2. The people you are helping will most probably not appreciate what you’re doing
You go into that orphanage or that school expecting a round of applause, because after all you are leaving your family, your friends and your life behind to come and help these people. Well, the truth is far from that. Most of the times, you’ll go into the school and the kids aren’t even going to want to listen to what you’re saying. Two summers ago, I was giving workshops about women empowerment and leadership in a public school in Cairo, and I would literally pour my heart out for these little girls and all I got was a “when are we going to be done?” question. That summer, I especially remember giving workshops to more than 60 teenagers, and I can honestly swear to you that only two were interested in what I had to say. The rest of the girls would sit and daydream, because the school had forced them to take the workshop. This summer, while volunteering in Thailand, I was also faced with the same situation. Of course the children were more interested in me because I was a foreigner so they wanted to feed their curiosity, but other than that I’d sit in class and try to teach them a few basic English words and they wouldn’t even bother to repeat after me. I even learned how to say repeat after teacher for them in Thai (Pood Tam Kru) and I would go to every student and be like “pood tam kru, pood tam kru”, and they would literally look the other way and refuse to even acknowledge my existence.
3. You will feel lonely most of the time
This is one of the trickiest parts about volunteering. Don’t get me wrong, you will most probably make amazing friends who share the same mentality as you and you will bond with them like you’ve never bonded with anyone back home. But at some point, you will miss your people, your normal life and the sense of belonging that you have at home, especially because sometimes some volunteer opportunities don’t necessarily have other volunteers, so you will be stuck with the locals and you will always have this language barrier with them if they don’t speak English. There were days when I longed for a real conversation with someone in Thailand. A conversation which goes beyond a simple “you happy?” or a “you hungry” question, but you will deal with it anyway and you will learn for the first time how to really be on your own.

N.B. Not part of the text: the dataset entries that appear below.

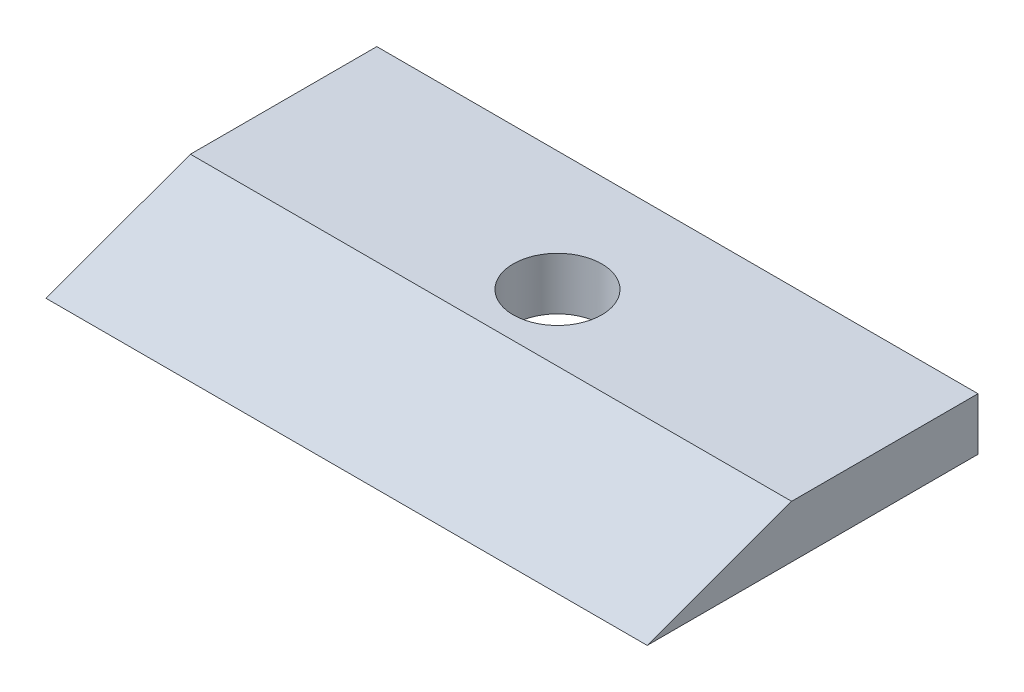
SolidWorks part; units mm, degrees
material "Oak"
ref_plane "Front Plane" through (0, 0, 0) normal (0, 0, 1) x (1, 0, 0)
ref_plane "Top Plane" through (0, 0, 0) normal (0, 1, 0) x (1, 0, 0)
ref_plane "Right Plane" through (0, 0, 0) normal (1, 0, 0) x (0, 0, -1)
sketch "Sketch1" plane through (0, 0, 0) normal (1, 0, 0) x (0, 0, -1)
  line L0 (0, 0) -> (8.7302, 3.18)
  line L1 (8.7302, 3.18) -> (20, 3.18)
  line L2 (20, 3.18) -> (20, 0.005)
  line L3 (20, 0.005) -> (0, 0)
  dimension "D1" = 3.175
  dimension "D2" = 20
  dimension "D3" = 3.18
  dimension "D4" = 20
extrude "Boss-Extrude1" add sketch "Sketch1" along normal blind 36.35
sketch "Sketch2" plane through (0, 3.18, 0) normal (0, 1, 0) x (1, 0, 0)
  line L0 (0, 20) -> (0, 8.7302) construction
  line L1 (36.35, 20) -> (0, 20) construction
  circle A0 centre (18.175, 12.75) radius 2.675
  dimension "D3" = 5.35
  dimension "D1" = 18.175
  dimension "D2" = 7.25
extrude "Cut-Extrude1" cut sketch "Sketch2" against normal blind 15

4. You will realize that while your help was needed, the money you spent to give this helping hand could’ve probably been more useful
I’ve always been a believer in the importance of giving a hand by physically being there and doing the work, but it was only when I attended the people’s meeting at the school I was volunteering in that I realized how ridiculous sometimes a helping hand is. There I was in the principal’s room attending the meeting and listening to him while he pleads for 15,000 Bahts to fix the school, and I’d spent more than that on just the airplane’s ticket to get there and give the so called helping hand!
5. You realize that despite all of these hardships, you would most definitely do it all over again
Take it from a person who has been through the worst sometimes, but trust me, even after you realize that you might not have helped as much as you had hoped for or you might not have gotten the appreciation that you thought you would get, you realize you would still do it again. You long for the next volunteer opportunity and the next hand to help, because while you may have only improved one person’s life, but to you this person means the whole world. You realize that yes you will probably never really change the world, but you also learn that you are OK with that because a little betterment in this bitter world is better than no improvement at all!